In questo secondo <episodio parliamo di NIGHTSHADE.

Questa è una serie che sarebbe potuta entrare nelle mie preferite, però poi l’autrice ha preso delle decisioni che mi hanno mortalmente delusa e quindi…
“Nightshade” mi è piaciuto tantissimo. Mentre lo divoravo mi sono innamorata di un personaggio più di altri e durante l’ultimo capitolo la mia voglia di continuare la serie era alle stelle.
Comprati i seguiti immediatamente.
Delusione totale, perché come al solito la storia cambia e si evolve, ma non in modo positivo.
Il triangolo amoroso che dominava il primo libro è sempre presente ma si perde nei seguiti e la presenza del mio personaggio preferito diventa marginale, quasi come se non fosse più necessaria. Il mio amore, che era un personaggio principale, non può essere trattato in questo modo.
Non posso accettarlo.
Lasciando da parte i personaggi, mi sarebbe piaciuto che la trama continuasse ad essere interessante ma così non era. Mi annoiava la lettura, trovavo strani i comportamenti dei lupi e ad un certo punto l’autrice ha sommerso i lettori con nuove comparse delle quali era impossibile ricordare i nomi.
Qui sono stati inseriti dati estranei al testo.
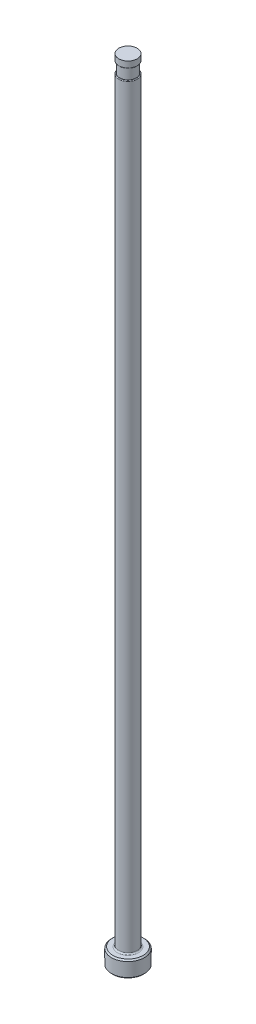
ISO-10303-21;
HEADER;
FILE_DESCRIPTION(('STEP AP214'),'2;1');
FILE_NAME('part.step','',(''),(''),'','','');
FILE_SCHEMA(('AUTOMOTIVE_DESIGN { 1 0 10303 214 1 1 1 1 }'));
ENDSEC;
DATA;
#1=APPLICATION_CONTEXT('core data for automotive mechanical design processes');
#2=APPLICATION_PROTOCOL_DEFINITION('international standard','automotive_design',2000,#1);
#3=PRODUCT_CONTEXT('',#1,'mechanical');
#4=PRODUCT('Part','Part','',(#3));
#5=PRODUCT_RELATED_PRODUCT_CATEGORY('part','',(#4));
#6=PRODUCT_DEFINITION_FORMATION('','',#4);
#7=PRODUCT_DEFINITION_CONTEXT('part definition',#1,'design');
#8=PRODUCT_DEFINITION('design','',#6,#7);
#9=PRODUCT_DEFINITION_SHAPE('','',#8);
#10=(LENGTH_UNIT() NAMED_UNIT(*) SI_UNIT(.MILLI.,.METRE.));
#11=(NAMED_UNIT(*) PLANE_ANGLE_UNIT() SI_UNIT($,.RADIAN.));
#12=(NAMED_UNIT(*) SI_UNIT($,.STERADIAN.) SOLID_ANGLE_UNIT());
#13=UNCERTAINTY_MEASURE_WITH_UNIT(LENGTH_MEASURE(1.E-05),#10,'distance_accuracy_value','');
#14=(GEOMETRIC_REPRESENTATION_CONTEXT(3) GLOBAL_UNCERTAINTY_ASSIGNED_CONTEXT((#13)) GLOBAL_UNIT_ASSIGNED_CONTEXT((#10,
#11,#12)) REPRESENTATION_CONTEXT('',''));
#15=CARTESIAN_POINT('',(0.,0.,0.));
#16=DIRECTION('',(0.,0.,1.));
#17=DIRECTION('',(1.,0.,0.));
#18=AXIS2_PLACEMENT_3D('',#15,#16,#17);
#19=CARTESIAN_POINT('',(-1.78561999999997,151.13,0.));
#20=DIRECTION('',(0.,1.,0.));
#21=DIRECTION('',(0.,0.,1.));
#22=AXIS2_PLACEMENT_3D('',#19,#20,#21);
#23=PLANE('',#22);
#24=CARTESIAN_POINT('',(0.,151.13,0.));
#25=DIRECTION('',(0.,1.,0.));
#26=DIRECTION('',(0.,0.,1.));
#27=AXIS2_PLACEMENT_3D('',#24,#25,#26);
#28=CIRCLE('',#27,1.64591999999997);
#29=CARTESIAN_POINT('',(0.,151.13,1.64591999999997));
#30=VERTEX_POINT('',#29);
#31=EDGE_CURVE('E11',#30,#30,#28,.F.);
#32=ORIENTED_EDGE('',*,*,#31,.T.);
#33=EDGE_LOOP('',(#32));
#34=FACE_BOUND('',#33,.T.);
#35=CARTESIAN_POINT('',(0.,151.13,0.));
#36=DIRECTION('',(0.,1.,0.));
#37=DIRECTION('',(0.,0.,1.));
#38=AXIS2_PLACEMENT_3D('',#35,#36,#37);
#39=CIRCLE('',#38,1.58241999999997);
#40=CARTESIAN_POINT('',(0.,151.13,1.58241999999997));
#41=VERTEX_POINT('',#40);
#42=EDGE_CURVE('E78',#41,#41,#39,.T.);
#43=ORIENTED_EDGE('',*,*,#42,.T.);
#44=EDGE_LOOP('',(#43));
#45=FACE_BOUND('',#44,.T.);
#46=ADVANCED_FACE('F36',(#34,#45),#23,.F.);
#47=CARTESIAN_POINT('',(0.,259.958771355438,0.));
#48=DIRECTION('',(0.,1.,0.));
#49=DIRECTION('',(0.,0.,1.));
#50=AXIS2_PLACEMENT_3D('',#47,#48,#49);
#51=CYLINDRICAL_SURFACE('',#50,1.78561999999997);
#52=DIRECTION('',(0.,1.,0.));
#53=VECTOR('',#52,1.);
#54=CARTESIAN_POINT('',(-1.58241999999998,259.958771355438,-0.827276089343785));
#55=LINE('',#54,#53);
#56=CARTESIAN_POINT('',(-1.58241999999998,148.971,-0.827276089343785));
#57=VERTEX_POINT('',#56);
#58=CARTESIAN_POINT('',(-1.58241999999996,86.614,-0.827276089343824));
#59=VERTEX_POINT('',#58);
#60=EDGE_CURVE('E73',#57,#59,#55,.F.);
#61=ORIENTED_EDGE('',*,*,#60,.F.);
#62=CARTESIAN_POINT('',(0.,148.971,0.));
#63=DIRECTION('',(0.,-1.,0.));
#64=DIRECTION('',(0.,0.,-1.));
#65=AXIS2_PLACEMENT_3D('',#62,#63,#64);
#66=CIRCLE('',#65,1.78561999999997);
#67=CARTESIAN_POINT('',(-1.58241999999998,148.971,0.827276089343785));
#68=VERTEX_POINT('',#67);
#69=EDGE_CURVE('E51',#57,#68,#66,.T.);
#70=ORIENTED_EDGE('',*,*,#69,.T.);
#71=DIRECTION('',(0.,1.,0.));
#72=VECTOR('',#71,1.);
#73=CARTESIAN_POINT('',(-1.58241999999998,259.958771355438,0.827276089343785));
#74=LINE('',#73,#72);
#75=CARTESIAN_POINT('',(-1.58241999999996,86.614,0.827276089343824));
#76=VERTEX_POINT('',#75);
#77=EDGE_CURVE('E84',#76,#68,#74,.T.);
#78=ORIENTED_EDGE('',*,*,#77,.F.);
#79=CARTESIAN_POINT('',(-1.58241999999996,86.614,-0.827276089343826));
#80=CARTESIAN_POINT('',(-1.58241859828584,86.57930589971,-0.827270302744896));
#81=CARTESIAN_POINT('',(-1.58298930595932,86.5446242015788,-0.826188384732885));
#82=CARTESIAN_POINT('',(-1.58525672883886,86.4754213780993,-0.821832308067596));
#83=CARTESIAN_POINT('',(-1.58695392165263,86.4409003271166,-0.81855721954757));
#84=CARTESIAN_POINT('',(-1.59374670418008,86.3372224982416,-0.805306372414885));
#85=CARTESIAN_POINT('',(-1.60054304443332,86.2685662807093,-0.791903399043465));
#86=CARTESIAN_POINT('',(-1.6181445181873,86.1342279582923,-0.755289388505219));
#87=CARTESIAN_POINT('',(-1.62896089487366,86.0685547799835,-0.732050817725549));
#88=CARTESIAN_POINT('',(-1.65351348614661,85.9428437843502,-0.674760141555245));
#89=CARTESIAN_POINT('',(-1.66723753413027,85.8827839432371,-0.640752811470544));
#90=CARTESIAN_POINT('',(-1.69108481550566,85.7895410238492,-0.574000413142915));
#91=CARTESIAN_POINT('',(-1.70092185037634,85.7539825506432,-0.544463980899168));
#92=CARTESIAN_POINT('',(-1.72024188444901,85.6880696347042,-0.479935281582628));
#93=CARTESIAN_POINT('',(-1.72972525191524,85.6577096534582,-0.444948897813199));
#94=CARTESIAN_POINT('',(-1.74591517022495,85.6079989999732,-0.375854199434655));
#95=CARTESIAN_POINT('',(-1.75282315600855,85.5876636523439,-0.34250427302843));
#96=CARTESIAN_POINT('',(-1.76503091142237,85.552596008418,-0.272685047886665));
#97=CARTESIAN_POINT('',(-1.7703313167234,85.5378614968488,-0.236216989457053));
#98=CARTESIAN_POINT('',(-1.77876737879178,85.5147234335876,-0.160839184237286));
#99=CARTESIAN_POINT('',(-1.78189089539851,85.5063553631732,-0.121917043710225));
#100=CARTESIAN_POINT('',(-1.78553515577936,85.4966126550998,-0.0430875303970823));
#101=CARTESIAN_POINT('',(-1.78605699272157,85.4952350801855,-0.00318057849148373));
#102=CARTESIAN_POINT('',(-1.78451570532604,85.499340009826,0.0723170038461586));
#103=CARTESIAN_POINT('',(-1.78269870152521,85.5041692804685,0.107950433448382));
#104=CARTESIAN_POINT('',(-1.77708661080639,85.5193299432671,0.177853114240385));
#105=CARTESIAN_POINT('',(-1.7732916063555,85.5296611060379,0.212122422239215));
#106=CARTESIAN_POINT('',(-1.76403207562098,85.5554906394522,0.278893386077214));
#107=CARTESIAN_POINT('',(-1.75854739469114,85.5710516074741,0.31136779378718));
#108=CARTESIAN_POINT('',(-1.74640529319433,85.6066424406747,0.373513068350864));
#109=CARTESIAN_POINT('',(-1.73974732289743,85.6266744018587,0.403182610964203));
#110=CARTESIAN_POINT('',(-1.72309018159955,85.6788692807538,0.470106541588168));
#111=CARTESIAN_POINT('',(-1.7127837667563,85.7127475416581,0.50595017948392));
#112=CARTESIAN_POINT('',(-1.69205421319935,85.7859822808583,0.57146965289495));
#113=CARTESIAN_POINT('',(-1.68163090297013,85.8253481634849,0.601134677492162));
#114=CARTESIAN_POINT('',(-1.65852628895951,85.9207765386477,0.662663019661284));
#115=CARTESIAN_POINT('',(-1.64612995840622,85.9782622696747,0.692421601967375));
#116=CARTESIAN_POINT('',(-1.62408795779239,86.0976981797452,0.742649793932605));
#117=CARTESIAN_POINT('',(-1.61444888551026,86.1596586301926,0.763097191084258));
#118=CARTESIAN_POINT('',(-1.5986900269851,86.2866358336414,0.795586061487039));
#119=CARTESIAN_POINT('',(-1.59259533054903,86.3516709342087,0.807567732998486));
#120=CARTESIAN_POINT('',(-1.58649588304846,86.4498700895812,0.819442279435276));
#121=CARTESIAN_POINT('',(-1.58496990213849,86.4826111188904,0.822384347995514));
#122=CARTESIAN_POINT('',(-1.58293155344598,86.5482312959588,0.826298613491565));
#123=CARTESIAN_POINT('',(-1.58241884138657,86.5811103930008,0.827271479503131));
#124=CARTESIAN_POINT('',(-1.58241999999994,86.6139999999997,0.827276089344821));
#125=B_SPLINE_CURVE_WITH_KNOTS('',3,(#79,#80,#81,#82,#83,#84,#85,#86,#87,#88,#89,#90,#91,#92,
#93,#94,#95,#96,#97,#98,#99,#100,#101,#102,#103,#104,#105,#106,#107,#108,#109,#110,#111,#112,
#113,#114,#115,#116,#117,#118,#119,#120,#121,#122,#123,#124),.UNSPECIFIED.,.F.,.F.,(4,2,2,2,2,2,
2,2,2,2,2,2,2,2,2,2,2,2,2,2,2,2,4),(0.,0.104035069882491,0.208114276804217,0.418101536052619,
0.628680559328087,0.838395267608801,0.979683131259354,1.12081951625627,1.23932997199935,
1.35779350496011,1.47691251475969,1.59598146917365,1.70348686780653,1.81098778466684,
1.91982417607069,2.02871169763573,2.1790397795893,2.32962872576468,2.5262950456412,
2.72342810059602,2.92194014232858,3.02060242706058,3.11923118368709),.UNSPECIFIED.);
#126=EDGE_CURVE('E81',#59,#76,#125,.T.);
#127=ORIENTED_EDGE('',*,*,#126,.F.);
#128=EDGE_LOOP('',(#61,#70,#78,#127));
#129=FACE_BOUND('',#128,.T.);
#130=CARTESIAN_POINT('',(0.,3.42900000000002,0.));
#131=DIRECTION('',(0.,1.,0.));
#132=DIRECTION('',(0.,0.,1.));
#133=AXIS2_PLACEMENT_3D('',#130,#131,#132);
#134=CIRCLE('',#133,1.78561999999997);
#135=CARTESIAN_POINT('',(0.,3.42900000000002,1.78561999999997));
#136=VERTEX_POINT('',#135);
#137=EDGE_CURVE('E116',#136,#136,#134,.T.);
#138=ORIENTED_EDGE('',*,*,#137,.T.);
#139=EDGE_LOOP('',(#138));
#140=FACE_BOUND('',#139,.T.);
#141=ADVANCED_FACE('F82',(#129,#140),#51,.T.);
#142=CARTESIAN_POINT('',(0.,0.,0.));
#143=DIRECTION('',(0.,-1.,0.));
#144=DIRECTION('',(0.,0.,-1.));
#145=AXIS2_PLACEMENT_3D('',#142,#143,#144);
#146=PLANE('',#145);
#147=CARTESIAN_POINT('',(0.,0.,0.));
#148=DIRECTION('',(0.,-1.,0.));
#149=DIRECTION('',(0.,0.,-1.));
#150=AXIS2_PLACEMENT_3D('',#147,#148,#149);
#151=CIRCLE('',#150,2.92099999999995);
#152=CARTESIAN_POINT('',(0.,0.,-2.92099999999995));
#153=VERTEX_POINT('',#152);
#154=EDGE_CURVE('E113',#153,#153,#151,.T.);
#155=ORIENTED_EDGE('',*,*,#154,.T.);
#156=EDGE_LOOP('',(#155));
#157=FACE_BOUND('',#156,.T.);
#158=ADVANCED_FACE('F192',(#157),#146,.T.);
#159=CARTESIAN_POINT('',(0.,259.958771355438,0.));
#160=DIRECTION('',(0.,1.,0.));
#161=DIRECTION('',(0.,0.,1.));
#162=AXIS2_PLACEMENT_3D('',#159,#160,#161);
#163=CYLINDRICAL_SURFACE('',#162,3.17499999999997);
#164=CARTESIAN_POINT('',(0.,2.92100000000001,0.));
#165=DIRECTION('',(0.,1.,0.));
#166=DIRECTION('',(0.,0.,1.));
#167=AXIS2_PLACEMENT_3D('',#164,#165,#166);
#168=CIRCLE('',#167,3.17499999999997);
#169=CARTESIAN_POINT('',(0.,2.92100000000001,3.17499999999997));
#170=VERTEX_POINT('',#169);
#171=EDGE_CURVE('E110',#170,#170,#168,.F.);
#172=ORIENTED_EDGE('',*,*,#171,.T.);
#173=EDGE_LOOP('',(#172));
#174=FACE_BOUND('',#173,.T.);
#175=CARTESIAN_POINT('',(0.,0.254000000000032,0.));
#176=DIRECTION('',(0.,-1.,0.));
#177=DIRECTION('',(0.,0.,-1.));
#178=AXIS2_PLACEMENT_3D('',#175,#176,#177);
#179=CIRCLE('',#178,3.17499999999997);
#180=CARTESIAN_POINT('',(0.,0.254000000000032,-3.17499999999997));
#181=VERTEX_POINT('',#180);
#182=EDGE_CURVE('E107',#181,#181,#179,.F.);
#183=ORIENTED_EDGE('',*,*,#182,.T.);
#184=EDGE_LOOP('',(#183));
#185=FACE_BOUND('',#184,.T.);
#186=ADVANCED_FACE('F195',(#174,#185),#163,.T.);
#187=CARTESIAN_POINT('',(-3.17499999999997,3.175,0.));
#188=DIRECTION('',(0.,1.,0.));
#189=DIRECTION('',(0.,0.,1.));
#190=AXIS2_PLACEMENT_3D('',#187,#188,#189);
#191=PLANE('',#190);
#192=CARTESIAN_POINT('',(0.,3.175,0.));
#193=DIRECTION('',(0.,1.,0.));
#194=DIRECTION('',(0.,0.,1.));
#195=AXIS2_PLACEMENT_3D('',#192,#193,#194);
#196=CIRCLE('',#195,2.03961999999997);
#197=CARTESIAN_POINT('',(0.,3.175,2.03961999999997));
#198=VERTEX_POINT('',#197);
#199=EDGE_CURVE('E87',#198,#198,#196,.F.);
#200=ORIENTED_EDGE('',*,*,#199,.T.);
#201=EDGE_LOOP('',(#200));
#202=FACE_BOUND('',#201,.T.);
#203=CARTESIAN_POINT('',(0.,3.175,0.));
#204=DIRECTION('',(0.,1.,0.));
#205=DIRECTION('',(0.,0.,1.));
#206=AXIS2_PLACEMENT_3D('',#203,#204,#205);
#207=CIRCLE('',#206,2.92099999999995);
#208=CARTESIAN_POINT('',(0.,3.175,2.92099999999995));
#209=VERTEX_POINT('',#208);
#210=EDGE_CURVE('E104',#209,#209,#207,.T.);
#211=ORIENTED_EDGE('',*,*,#210,.T.);
#212=EDGE_LOOP('',(#211));
#213=FACE_BOUND('',#212,.T.);
#214=ADVANCED_FACE('F190',(#202,#213),#191,.T.);
#215=CARTESIAN_POINT('',(0.,3.17499999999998,0.));
#216=DIRECTION('',(0.,-1.,0.));
#217=DIRECTION('',(0.,0.,-1.));
#218=AXIS2_PLACEMENT_3D('',#215,#216,#217);
#219=CONICAL_SURFACE('',#218,2.92099999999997,0.7853981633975);
#220=ORIENTED_EDGE('',*,*,#171,.F.);
#221=EDGE_LOOP('',(#220));
#222=FACE_BOUND('',#221,.T.);
#223=ORIENTED_EDGE('',*,*,#210,.F.);
#224=EDGE_LOOP('',(#223));
#225=FACE_BOUND('',#224,.T.);
#226=ADVANCED_FACE('F186',(#222,#225),#219,.T.);
#227=CARTESIAN_POINT('',(0.,0.254000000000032,0.));
#228=DIRECTION('',(0.,1.,0.));
#229=DIRECTION('',(0.,0.,1.));
#230=AXIS2_PLACEMENT_3D('',#227,#228,#229);
#231=CONICAL_SURFACE('',#230,3.17499999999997,0.785398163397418);
#232=ORIENTED_EDGE('',*,*,#154,.F.);
#233=EDGE_LOOP('',(#232));
#234=FACE_BOUND('',#233,.T.);
#235=ORIENTED_EDGE('',*,*,#182,.F.);
#236=EDGE_LOOP('',(#235));
#237=FACE_BOUND('',#236,.T.);
#238=ADVANCED_FACE('F182',(#234,#237),#231,.T.);
#239=CARTESIAN_POINT('',(0.,3.42900000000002,0.));
#240=DIRECTION('',(0.,1.,0.));
#241=DIRECTION('',(0.,0.,1.));
#242=AXIS2_PLACEMENT_3D('',#239,#240,#241);
#243=TOROIDAL_SURFACE('',#242,2.03961999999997,0.254);
#244=ORIENTED_EDGE('',*,*,#199,.F.);
#245=EDGE_LOOP('',(#244));
#246=FACE_BOUND('',#245,.T.);
#247=ORIENTED_EDGE('',*,*,#137,.F.);
#248=EDGE_LOOP('',(#247));
#249=FACE_BOUND('',#248,.T.);
#250=ADVANCED_FACE('F147',(#246,#249),#243,.F.);
#251=CARTESIAN_POINT('',(-1.78561999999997,149.098,0.));
#252=DIRECTION('',(0.,-1.,0.));
#253=DIRECTION('',(0.,0.,-1.));
#254=AXIS2_PLACEMENT_3D('',#251,#252,#253);
#255=PLANE('',#254);
#256=DIRECTION('',(0.,0.,1.));
#257=VECTOR('',#256,1.);
#258=CARTESIAN_POINT('',(-1.58241999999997,149.098,0.));
#259=LINE('',#258,#257);
#260=CARTESIAN_POINT('',(-1.58241999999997,149.098,0.));
#261=VERTEX_POINT('',#260);
#262=CARTESIAN_POINT('',(-1.58241999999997,149.098,0.496957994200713));
#263=VERTEX_POINT('',#262);
#264=EDGE_CURVE('E90',#261,#263,#259,.T.);
#265=ORIENTED_EDGE('',*,*,#264,.T.);
#266=CARTESIAN_POINT('',(0.,149.098,0.));
#267=DIRECTION('',(0.,-1.,0.));
#268=DIRECTION('',(0.,0.,-1.));
#269=AXIS2_PLACEMENT_3D('',#266,#267,#268);
#270=CIRCLE('',#269,1.65861999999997);
#271=CARTESIAN_POINT('',(-1.58241999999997,149.098,-0.496957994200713));
#272=VERTEX_POINT('',#271);
#273=EDGE_CURVE('E86',#263,#272,#270,.F.);
#274=ORIENTED_EDGE('',*,*,#273,.T.);
#275=EDGE_CURVE('E79',#272,#261,#259,.T.);
#276=ORIENTED_EDGE('',*,*,#275,.T.);
#277=CARTESIAN_POINT('',(0.,149.098,0.));
#278=DIRECTION('',(0.,1.,0.));
#279=DIRECTION('',(0.,0.,1.));
#280=AXIS2_PLACEMENT_3D('',#277,#278,#279);
#281=CIRCLE('',#280,1.58241999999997);
#282=EDGE_CURVE('E101',#261,#261,#281,.T.);
#283=ORIENTED_EDGE('',*,*,#282,.F.);
#284=EDGE_LOOP('',(#265,#274,#276,#283));
#285=FACE_BOUND('',#284,.T.);
#286=ADVANCED_FACE('F144',(#285),#255,.F.);
#287=CARTESIAN_POINT('',(0.,153.448281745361,0.));
#288=DIRECTION('',(0.,1.,0.));
#289=DIRECTION('',(0.,0.,1.));
#290=AXIS2_PLACEMENT_3D('',#287,#288,#289);
#291=CYLINDRICAL_SURFACE('',#290,1.58241999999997);
#292=ORIENTED_EDGE('',*,*,#42,.F.);
#293=EDGE_LOOP('',(#292));
#294=FACE_BOUND('',#293,.T.);
#295=ORIENTED_EDGE('',*,*,#282,.T.);
#296=EDGE_LOOP('',(#295));
#297=FACE_BOUND('',#296,.T.);
#298=ADVANCED_FACE('F141',(#294,#297),#291,.T.);
#299=CARTESIAN_POINT('',(-1.58241999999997,150.114,-3.17499999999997));
#300=DIRECTION('',(1.,0.,0.));
#301=DIRECTION('',(0.,1.,0.));
#302=AXIS2_PLACEMENT_3D('',#299,#300,#301);
#303=PLANE('',#302);
#304=ORIENTED_EDGE('',*,*,#275,.F.);
#305=CARTESIAN_POINT('',(-1.58241999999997,149.098,-0.496957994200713));
#306=CARTESIAN_POINT('',(-1.58241999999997,149.097990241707,-0.513789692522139));
#307=CARTESIAN_POINT('',(-1.58241999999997,149.09769820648,-0.530633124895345));
#308=CARTESIAN_POINT('',(-1.58241999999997,149.096318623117,-0.56437499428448));
#309=CARTESIAN_POINT('',(-1.58241999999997,149.095226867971,-0.58127324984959));
#310=CARTESIAN_POINT('',(-1.58241999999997,149.092012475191,-0.614973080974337));
#311=CARTESIAN_POINT('',(-1.58241999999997,149.089890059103,-0.631774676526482));
#312=CARTESIAN_POINT('',(-1.58241999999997,149.084280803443,-0.665126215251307));
#313=CARTESIAN_POINT('',(-1.58241999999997,149.080797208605,-0.681676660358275));
#314=CARTESIAN_POINT('',(-1.58241999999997,149.074084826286,-0.706389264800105));
#315=CARTESIAN_POINT('',(-1.58241999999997,149.071547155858,-0.714738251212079));
#316=CARTESIAN_POINT('',(-1.58241999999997,149.06584368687,-0.73126480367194));
#317=CARTESIAN_POINT('',(-1.58241999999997,149.062675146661,-0.739441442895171));
#318=CARTESIAN_POINT('',(-1.58241999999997,149.054581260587,-0.75771242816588));
#319=CARTESIAN_POINT('',(-1.58241999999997,149.049412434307,-0.76770109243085));
#320=CARTESIAN_POINT('',(-1.58241999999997,149.037398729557,-0.786606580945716));
#321=CARTESIAN_POINT('',(-1.58241999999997,149.030567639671,-0.795531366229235));
#322=CARTESIAN_POINT('',(-1.58241999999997,149.019582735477,-0.80632073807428));
#323=CARTESIAN_POINT('',(-1.58241999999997,149.016377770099,-0.809143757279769));
#324=CARTESIAN_POINT('',(-1.58241999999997,149.009610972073,-0.814338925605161));
#325=CARTESIAN_POINT('',(-1.58241999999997,149.006048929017,-0.816710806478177));
#326=CARTESIAN_POINT('',(-1.58241999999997,148.998529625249,-0.820873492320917));
#327=CARTESIAN_POINT('',(-1.58241999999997,148.994567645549,-0.822655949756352));
#328=CARTESIAN_POINT('',(-1.58241999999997,148.98637382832,-0.825404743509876));
#329=CARTESIAN_POINT('',(-1.58241999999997,148.982143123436,-0.826374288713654));
#330=CARTESIAN_POINT('',(-1.58241999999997,148.976726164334,-0.827008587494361));
#331=CARTESIAN_POINT('',(-1.58241999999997,148.975583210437,-0.827108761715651));
#332=CARTESIAN_POINT('',(-1.58241999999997,148.973293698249,-0.827242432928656));
#333=CARTESIAN_POINT('',(-1.58241999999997,148.972147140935,-0.827275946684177));
#334=CARTESIAN_POINT('',(-1.58241999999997,148.971,-0.827276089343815));
#335=B_SPLINE_CURVE_WITH_KNOTS('',3,(#305,#306,#307,#308,#309,#310,#311,#312,#313,#314,#315,
#316,#317,#318,#319,#320,#321,#322,#323,#324,#325,#326,#327,#328,#329,#330,#331,#332,#333,#334),
.UNSPECIFIED.,.F.,.F.,(4,2,2,2,2,2,2,2,2,2,2,2,2,2,4),(0.,0.0505111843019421,0.101290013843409,
0.152057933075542,0.202705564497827,0.228865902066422,0.255142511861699,0.288792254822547,
0.322171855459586,0.33495504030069,0.347745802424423,0.360710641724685,0.373624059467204,
0.377064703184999,0.380504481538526),.UNSPECIFIED.);
#336=EDGE_CURVE('E59',#272,#57,#335,.T.);
#337=ORIENTED_EDGE('',*,*,#336,.T.);
#338=ORIENTED_EDGE('',*,*,#60,.T.);
#339=DIRECTION('',(0.,0.,1.));
#340=VECTOR('',#339,1.);
#341=CARTESIAN_POINT('',(-1.58241999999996,86.614,-3.17499999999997));
#342=LINE('',#341,#340);
#343=EDGE_CURVE('E77',#59,#76,#342,.T.);
#344=ORIENTED_EDGE('',*,*,#343,.T.);
#345=ORIENTED_EDGE('',*,*,#77,.T.);
#346=CARTESIAN_POINT('',(-1.58241999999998,148.971,0.827276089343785));
#347=CARTESIAN_POINT('',(-1.58241999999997,148.974578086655,0.827284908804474));
#348=CARTESIAN_POINT('',(-1.58241999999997,148.978145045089,0.82695017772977));
#349=CARTESIAN_POINT('',(-1.58241999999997,148.985132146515,0.825674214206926));
#350=CARTESIAN_POINT('',(-1.58241999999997,148.988553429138,0.824739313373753));
#351=CARTESIAN_POINT('',(-1.58241999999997,148.995944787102,0.822072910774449));
#352=CARTESIAN_POINT('',(-1.58241999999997,148.999866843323,0.8202101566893));
#353=CARTESIAN_POINT('',(-1.58241999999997,149.007366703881,0.815871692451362));
#354=CARTESIAN_POINT('',(-1.58241999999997,149.010942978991,0.813393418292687));
#355=CARTESIAN_POINT('',(-1.58241999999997,149.019559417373,0.806534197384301));
#356=CARTESIAN_POINT('',(-1.58241999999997,149.024353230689,0.801846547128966));
#357=CARTESIAN_POINT('',(-1.58241999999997,149.033183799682,0.791817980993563));
#358=CARTESIAN_POINT('',(-1.58241999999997,149.037219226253,0.786475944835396));
#359=CARTESIAN_POINT('',(-1.58241999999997,149.047959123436,0.770471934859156));
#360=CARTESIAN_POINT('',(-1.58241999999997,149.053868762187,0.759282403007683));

Ovviamente io vi sto dicendo per sommi capi ciò che non mi è piaciuto, ma cercando sul mio blog potrete trovare le recensioni di tutti e tre i libri e vedere come sono cambiate le mie opinioni dal primo al terzo.
La ciliegina sulla torta in mezzo al mare di cose orribili è la morte del mio personaggio preferito.
Tu non lo puoi fare, cara Andrea Cremer! Tu non puoi ammazzarmelo solo perché devi risolvere il triangolo amoroso tra quei tre, è chiaro?
Una denuncia a questa tizia non gliela leva nessuno. NESSUNO!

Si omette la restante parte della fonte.